**YOUR ASSIGNMENT**. Repeat only the lines below from the one containing "# Model space" through the one containing "each defined once", inclusive, exactly as written.

**DATA FOR THIS EXERCISE**.
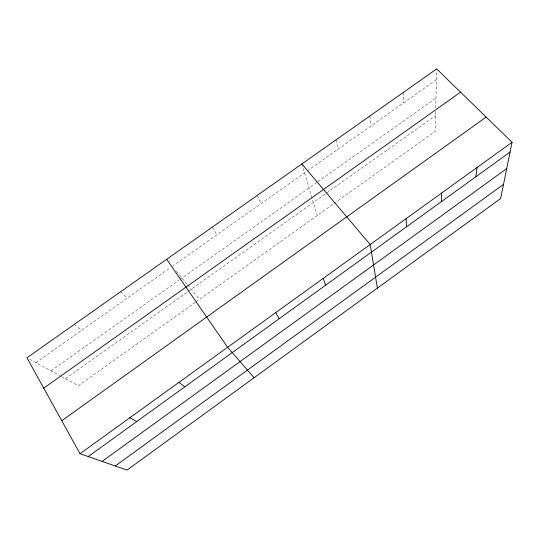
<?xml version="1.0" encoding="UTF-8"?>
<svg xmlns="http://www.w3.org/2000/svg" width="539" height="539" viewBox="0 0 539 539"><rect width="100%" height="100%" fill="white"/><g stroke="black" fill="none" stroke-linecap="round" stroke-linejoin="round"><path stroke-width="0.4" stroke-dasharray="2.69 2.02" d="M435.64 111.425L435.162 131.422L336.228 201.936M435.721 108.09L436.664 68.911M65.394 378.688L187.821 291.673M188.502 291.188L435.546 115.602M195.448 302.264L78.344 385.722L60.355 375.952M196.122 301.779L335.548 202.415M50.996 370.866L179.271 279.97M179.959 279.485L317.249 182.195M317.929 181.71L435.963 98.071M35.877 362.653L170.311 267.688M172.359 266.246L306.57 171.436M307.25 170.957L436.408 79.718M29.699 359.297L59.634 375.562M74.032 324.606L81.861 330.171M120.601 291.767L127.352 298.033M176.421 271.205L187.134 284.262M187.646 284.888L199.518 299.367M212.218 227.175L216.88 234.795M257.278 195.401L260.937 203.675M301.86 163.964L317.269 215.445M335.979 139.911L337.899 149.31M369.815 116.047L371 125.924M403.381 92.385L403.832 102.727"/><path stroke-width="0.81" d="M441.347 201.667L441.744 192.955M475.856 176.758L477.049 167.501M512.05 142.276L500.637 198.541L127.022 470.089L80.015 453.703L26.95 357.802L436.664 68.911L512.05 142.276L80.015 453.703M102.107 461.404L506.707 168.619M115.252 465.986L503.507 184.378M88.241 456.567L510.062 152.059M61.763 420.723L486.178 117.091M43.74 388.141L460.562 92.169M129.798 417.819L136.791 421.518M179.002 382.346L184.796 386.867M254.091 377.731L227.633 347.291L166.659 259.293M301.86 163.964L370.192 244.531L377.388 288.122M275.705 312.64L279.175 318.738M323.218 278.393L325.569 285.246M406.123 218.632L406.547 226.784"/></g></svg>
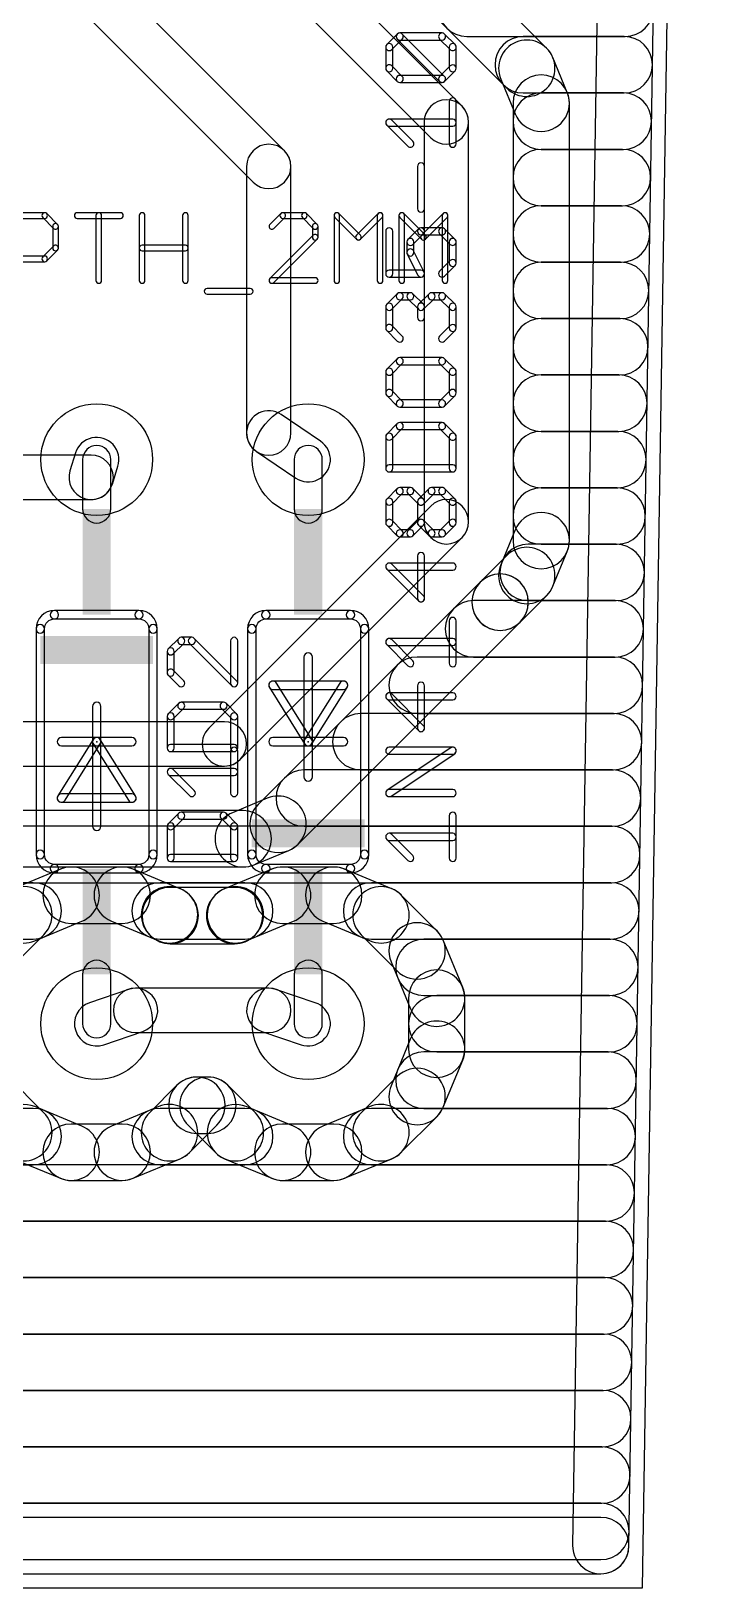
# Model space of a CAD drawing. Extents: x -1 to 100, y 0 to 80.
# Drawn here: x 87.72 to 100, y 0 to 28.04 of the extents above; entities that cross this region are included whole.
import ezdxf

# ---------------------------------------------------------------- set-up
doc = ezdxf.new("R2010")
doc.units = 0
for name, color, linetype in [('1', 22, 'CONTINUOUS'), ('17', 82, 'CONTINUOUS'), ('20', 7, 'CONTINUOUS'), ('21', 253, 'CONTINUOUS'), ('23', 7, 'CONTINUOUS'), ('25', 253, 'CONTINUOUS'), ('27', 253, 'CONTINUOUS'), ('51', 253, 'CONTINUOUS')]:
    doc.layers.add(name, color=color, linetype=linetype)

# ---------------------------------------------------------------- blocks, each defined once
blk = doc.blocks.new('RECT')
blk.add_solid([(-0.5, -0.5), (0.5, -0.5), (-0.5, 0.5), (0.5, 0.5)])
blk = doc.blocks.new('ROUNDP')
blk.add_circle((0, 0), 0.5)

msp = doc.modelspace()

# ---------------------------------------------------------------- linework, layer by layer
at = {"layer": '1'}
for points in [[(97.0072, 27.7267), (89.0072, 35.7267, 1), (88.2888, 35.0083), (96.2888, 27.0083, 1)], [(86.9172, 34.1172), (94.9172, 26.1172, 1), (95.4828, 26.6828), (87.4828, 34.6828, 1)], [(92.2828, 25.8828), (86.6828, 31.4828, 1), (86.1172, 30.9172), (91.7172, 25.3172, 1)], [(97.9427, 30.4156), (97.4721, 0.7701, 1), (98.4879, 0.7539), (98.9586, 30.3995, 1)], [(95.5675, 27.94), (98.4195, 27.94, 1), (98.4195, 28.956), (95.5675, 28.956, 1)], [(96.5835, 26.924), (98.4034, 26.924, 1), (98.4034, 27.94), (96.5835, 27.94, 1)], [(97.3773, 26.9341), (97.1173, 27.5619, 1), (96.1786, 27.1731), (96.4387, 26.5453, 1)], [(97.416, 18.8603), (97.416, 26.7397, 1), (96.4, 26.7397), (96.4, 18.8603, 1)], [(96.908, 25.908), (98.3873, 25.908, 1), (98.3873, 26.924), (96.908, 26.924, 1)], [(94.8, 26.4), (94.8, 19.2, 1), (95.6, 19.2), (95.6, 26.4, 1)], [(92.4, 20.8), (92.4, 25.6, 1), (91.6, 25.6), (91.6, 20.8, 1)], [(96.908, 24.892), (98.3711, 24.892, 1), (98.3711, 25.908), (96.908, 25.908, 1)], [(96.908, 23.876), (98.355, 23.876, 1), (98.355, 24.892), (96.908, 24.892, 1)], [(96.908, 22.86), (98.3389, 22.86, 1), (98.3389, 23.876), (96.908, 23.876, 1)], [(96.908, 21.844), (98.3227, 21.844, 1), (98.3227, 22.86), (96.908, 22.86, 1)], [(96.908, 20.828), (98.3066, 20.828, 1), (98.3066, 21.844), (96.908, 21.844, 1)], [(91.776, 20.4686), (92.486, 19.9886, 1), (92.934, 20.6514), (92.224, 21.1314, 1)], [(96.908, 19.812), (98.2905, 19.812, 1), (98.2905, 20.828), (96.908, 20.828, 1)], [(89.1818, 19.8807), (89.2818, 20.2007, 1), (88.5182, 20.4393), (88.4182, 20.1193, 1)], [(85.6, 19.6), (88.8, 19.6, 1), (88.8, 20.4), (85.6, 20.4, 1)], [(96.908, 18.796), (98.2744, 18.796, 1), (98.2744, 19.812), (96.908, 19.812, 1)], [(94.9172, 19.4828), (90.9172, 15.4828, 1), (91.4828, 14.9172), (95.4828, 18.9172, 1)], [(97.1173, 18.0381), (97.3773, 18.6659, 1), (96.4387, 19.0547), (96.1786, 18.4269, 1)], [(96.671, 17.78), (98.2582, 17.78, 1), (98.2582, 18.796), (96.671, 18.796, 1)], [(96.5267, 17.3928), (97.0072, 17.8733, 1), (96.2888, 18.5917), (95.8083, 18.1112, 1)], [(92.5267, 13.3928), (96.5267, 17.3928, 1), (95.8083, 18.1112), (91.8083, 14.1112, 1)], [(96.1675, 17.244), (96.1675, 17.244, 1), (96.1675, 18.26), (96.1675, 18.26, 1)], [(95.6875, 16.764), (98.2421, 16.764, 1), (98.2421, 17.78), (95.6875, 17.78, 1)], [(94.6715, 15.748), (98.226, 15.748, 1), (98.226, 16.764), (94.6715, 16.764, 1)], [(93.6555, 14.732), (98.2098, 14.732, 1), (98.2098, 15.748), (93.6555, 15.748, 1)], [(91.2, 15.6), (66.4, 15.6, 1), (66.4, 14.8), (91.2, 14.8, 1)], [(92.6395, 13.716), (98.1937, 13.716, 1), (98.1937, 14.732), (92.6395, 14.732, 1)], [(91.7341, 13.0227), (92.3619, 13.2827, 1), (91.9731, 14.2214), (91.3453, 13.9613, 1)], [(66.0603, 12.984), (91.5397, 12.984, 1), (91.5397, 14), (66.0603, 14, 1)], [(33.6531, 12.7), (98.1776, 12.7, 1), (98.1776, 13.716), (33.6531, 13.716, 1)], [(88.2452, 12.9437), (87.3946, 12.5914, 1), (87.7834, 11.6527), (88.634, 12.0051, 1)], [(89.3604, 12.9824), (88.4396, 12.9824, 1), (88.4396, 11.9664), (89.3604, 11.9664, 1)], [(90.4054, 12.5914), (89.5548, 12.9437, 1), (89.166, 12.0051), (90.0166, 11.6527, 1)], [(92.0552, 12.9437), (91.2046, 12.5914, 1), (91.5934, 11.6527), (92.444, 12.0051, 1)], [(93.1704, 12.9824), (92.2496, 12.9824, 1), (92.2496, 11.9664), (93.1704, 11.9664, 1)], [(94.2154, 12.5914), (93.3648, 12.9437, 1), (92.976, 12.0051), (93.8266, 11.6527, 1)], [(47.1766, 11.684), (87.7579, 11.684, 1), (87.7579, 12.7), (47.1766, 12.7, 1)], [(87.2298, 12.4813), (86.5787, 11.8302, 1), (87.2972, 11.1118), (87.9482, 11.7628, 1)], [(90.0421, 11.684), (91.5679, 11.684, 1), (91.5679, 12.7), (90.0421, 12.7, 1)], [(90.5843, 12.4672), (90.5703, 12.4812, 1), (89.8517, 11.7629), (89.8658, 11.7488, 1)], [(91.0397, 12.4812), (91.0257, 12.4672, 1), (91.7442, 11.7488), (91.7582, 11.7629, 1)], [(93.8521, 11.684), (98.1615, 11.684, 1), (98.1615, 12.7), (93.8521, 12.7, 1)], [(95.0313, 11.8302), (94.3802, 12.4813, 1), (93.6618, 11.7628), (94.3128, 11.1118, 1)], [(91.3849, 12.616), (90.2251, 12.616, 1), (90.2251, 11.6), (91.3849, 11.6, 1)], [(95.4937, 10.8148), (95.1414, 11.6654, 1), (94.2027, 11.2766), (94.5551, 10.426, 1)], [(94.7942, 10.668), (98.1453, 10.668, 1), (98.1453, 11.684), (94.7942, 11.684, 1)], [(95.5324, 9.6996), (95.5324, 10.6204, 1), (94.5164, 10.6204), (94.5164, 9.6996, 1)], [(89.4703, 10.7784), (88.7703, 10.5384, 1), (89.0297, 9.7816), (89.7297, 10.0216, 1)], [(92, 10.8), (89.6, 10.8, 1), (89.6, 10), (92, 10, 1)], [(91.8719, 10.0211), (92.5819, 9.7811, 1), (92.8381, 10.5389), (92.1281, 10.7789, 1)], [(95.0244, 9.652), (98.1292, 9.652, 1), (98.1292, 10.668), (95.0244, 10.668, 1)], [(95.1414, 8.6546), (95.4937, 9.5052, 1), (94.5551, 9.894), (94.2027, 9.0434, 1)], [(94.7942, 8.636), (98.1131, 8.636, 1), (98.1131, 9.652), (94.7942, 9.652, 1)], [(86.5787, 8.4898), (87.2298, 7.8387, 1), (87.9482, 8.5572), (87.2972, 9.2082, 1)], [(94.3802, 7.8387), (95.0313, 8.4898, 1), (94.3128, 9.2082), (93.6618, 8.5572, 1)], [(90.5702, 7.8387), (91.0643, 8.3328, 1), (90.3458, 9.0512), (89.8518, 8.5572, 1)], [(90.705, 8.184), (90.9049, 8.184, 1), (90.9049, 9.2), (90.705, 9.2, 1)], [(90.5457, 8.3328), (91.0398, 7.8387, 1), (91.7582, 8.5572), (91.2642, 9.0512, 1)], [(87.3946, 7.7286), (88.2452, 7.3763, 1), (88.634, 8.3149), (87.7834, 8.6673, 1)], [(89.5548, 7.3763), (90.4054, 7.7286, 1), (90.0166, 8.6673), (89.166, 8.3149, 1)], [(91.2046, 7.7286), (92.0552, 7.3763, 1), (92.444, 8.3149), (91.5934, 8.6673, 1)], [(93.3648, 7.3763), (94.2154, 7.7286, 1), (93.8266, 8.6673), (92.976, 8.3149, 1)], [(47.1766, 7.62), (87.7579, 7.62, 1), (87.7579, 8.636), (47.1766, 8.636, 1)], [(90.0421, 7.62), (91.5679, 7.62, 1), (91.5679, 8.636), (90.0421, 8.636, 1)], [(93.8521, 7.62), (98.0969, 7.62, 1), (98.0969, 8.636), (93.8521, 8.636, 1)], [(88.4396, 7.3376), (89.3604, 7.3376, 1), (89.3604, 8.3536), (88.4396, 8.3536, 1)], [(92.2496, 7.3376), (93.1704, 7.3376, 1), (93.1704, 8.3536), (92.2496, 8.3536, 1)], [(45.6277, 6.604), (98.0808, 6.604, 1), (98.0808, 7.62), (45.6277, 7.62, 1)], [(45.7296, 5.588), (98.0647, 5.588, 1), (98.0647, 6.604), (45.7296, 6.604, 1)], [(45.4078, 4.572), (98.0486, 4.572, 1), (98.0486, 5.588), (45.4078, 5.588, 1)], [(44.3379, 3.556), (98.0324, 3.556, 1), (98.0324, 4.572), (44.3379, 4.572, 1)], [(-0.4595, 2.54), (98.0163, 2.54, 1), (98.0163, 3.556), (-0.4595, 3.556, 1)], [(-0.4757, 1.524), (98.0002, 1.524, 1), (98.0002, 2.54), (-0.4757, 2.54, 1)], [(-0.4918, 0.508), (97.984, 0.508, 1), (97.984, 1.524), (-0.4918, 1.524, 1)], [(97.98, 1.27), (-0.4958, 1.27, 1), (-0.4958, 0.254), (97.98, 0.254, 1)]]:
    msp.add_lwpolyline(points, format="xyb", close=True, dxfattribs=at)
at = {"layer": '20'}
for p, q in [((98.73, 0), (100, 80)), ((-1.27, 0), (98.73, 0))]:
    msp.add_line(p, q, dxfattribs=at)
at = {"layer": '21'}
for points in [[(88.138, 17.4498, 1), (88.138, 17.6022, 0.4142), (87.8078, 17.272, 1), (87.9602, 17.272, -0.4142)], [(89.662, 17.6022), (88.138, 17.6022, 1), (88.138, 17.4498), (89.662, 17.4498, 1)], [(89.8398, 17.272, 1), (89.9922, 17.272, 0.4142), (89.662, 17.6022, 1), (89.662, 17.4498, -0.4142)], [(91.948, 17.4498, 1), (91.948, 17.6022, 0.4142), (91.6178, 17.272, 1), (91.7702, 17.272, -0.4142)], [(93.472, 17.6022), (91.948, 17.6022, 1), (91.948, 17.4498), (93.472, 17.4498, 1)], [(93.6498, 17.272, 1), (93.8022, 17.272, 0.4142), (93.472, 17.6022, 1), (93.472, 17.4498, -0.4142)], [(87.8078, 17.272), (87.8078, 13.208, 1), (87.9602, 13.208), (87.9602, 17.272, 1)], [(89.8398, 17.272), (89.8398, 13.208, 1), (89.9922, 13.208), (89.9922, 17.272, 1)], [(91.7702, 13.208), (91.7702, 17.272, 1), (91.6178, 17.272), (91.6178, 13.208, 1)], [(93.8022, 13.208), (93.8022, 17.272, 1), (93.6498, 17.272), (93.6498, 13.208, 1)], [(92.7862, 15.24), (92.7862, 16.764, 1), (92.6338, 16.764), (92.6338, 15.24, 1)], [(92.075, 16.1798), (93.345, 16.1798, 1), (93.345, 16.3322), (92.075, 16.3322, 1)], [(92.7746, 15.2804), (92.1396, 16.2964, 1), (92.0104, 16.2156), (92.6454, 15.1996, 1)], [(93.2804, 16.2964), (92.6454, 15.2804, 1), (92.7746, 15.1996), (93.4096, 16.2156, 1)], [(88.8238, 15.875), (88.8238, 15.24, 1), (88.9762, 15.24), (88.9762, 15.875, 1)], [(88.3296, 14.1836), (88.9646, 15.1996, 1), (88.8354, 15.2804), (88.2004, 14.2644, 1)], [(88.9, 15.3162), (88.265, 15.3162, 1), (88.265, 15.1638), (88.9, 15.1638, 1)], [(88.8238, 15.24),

**RESULT OF THIS TASK**.
# Model space of a CAD drawing. Extents: x -1 to 100, y 0 to 80.
# Drawn here: x 87.72 to 100, y 0 to 28.04 of the extents above; entities that cross this region are included whole.
import ezdxf

# ---------------------------------------------------------------- set-up
doc = ezdxf.new("R2010")
doc.units = 0
for name, color, linetype in [('1', 22, 'CONTINUOUS'), ('17', 82, 'CONTINUOUS'), ('20', 7, 'CONTINUOUS'), ('21', 253, 'CONTINUOUS'), ('23', 7, 'CONTINUOUS'), ('25', 253, 'CONTINUOUS'), ('27', 253, 'CONTINUOUS'), ('51', 253, 'CONTINUOUS')]:
    doc.layers.add(name, color=color, linetype=linetype)

# ---------------------------------------------------------------- blocks, each defined once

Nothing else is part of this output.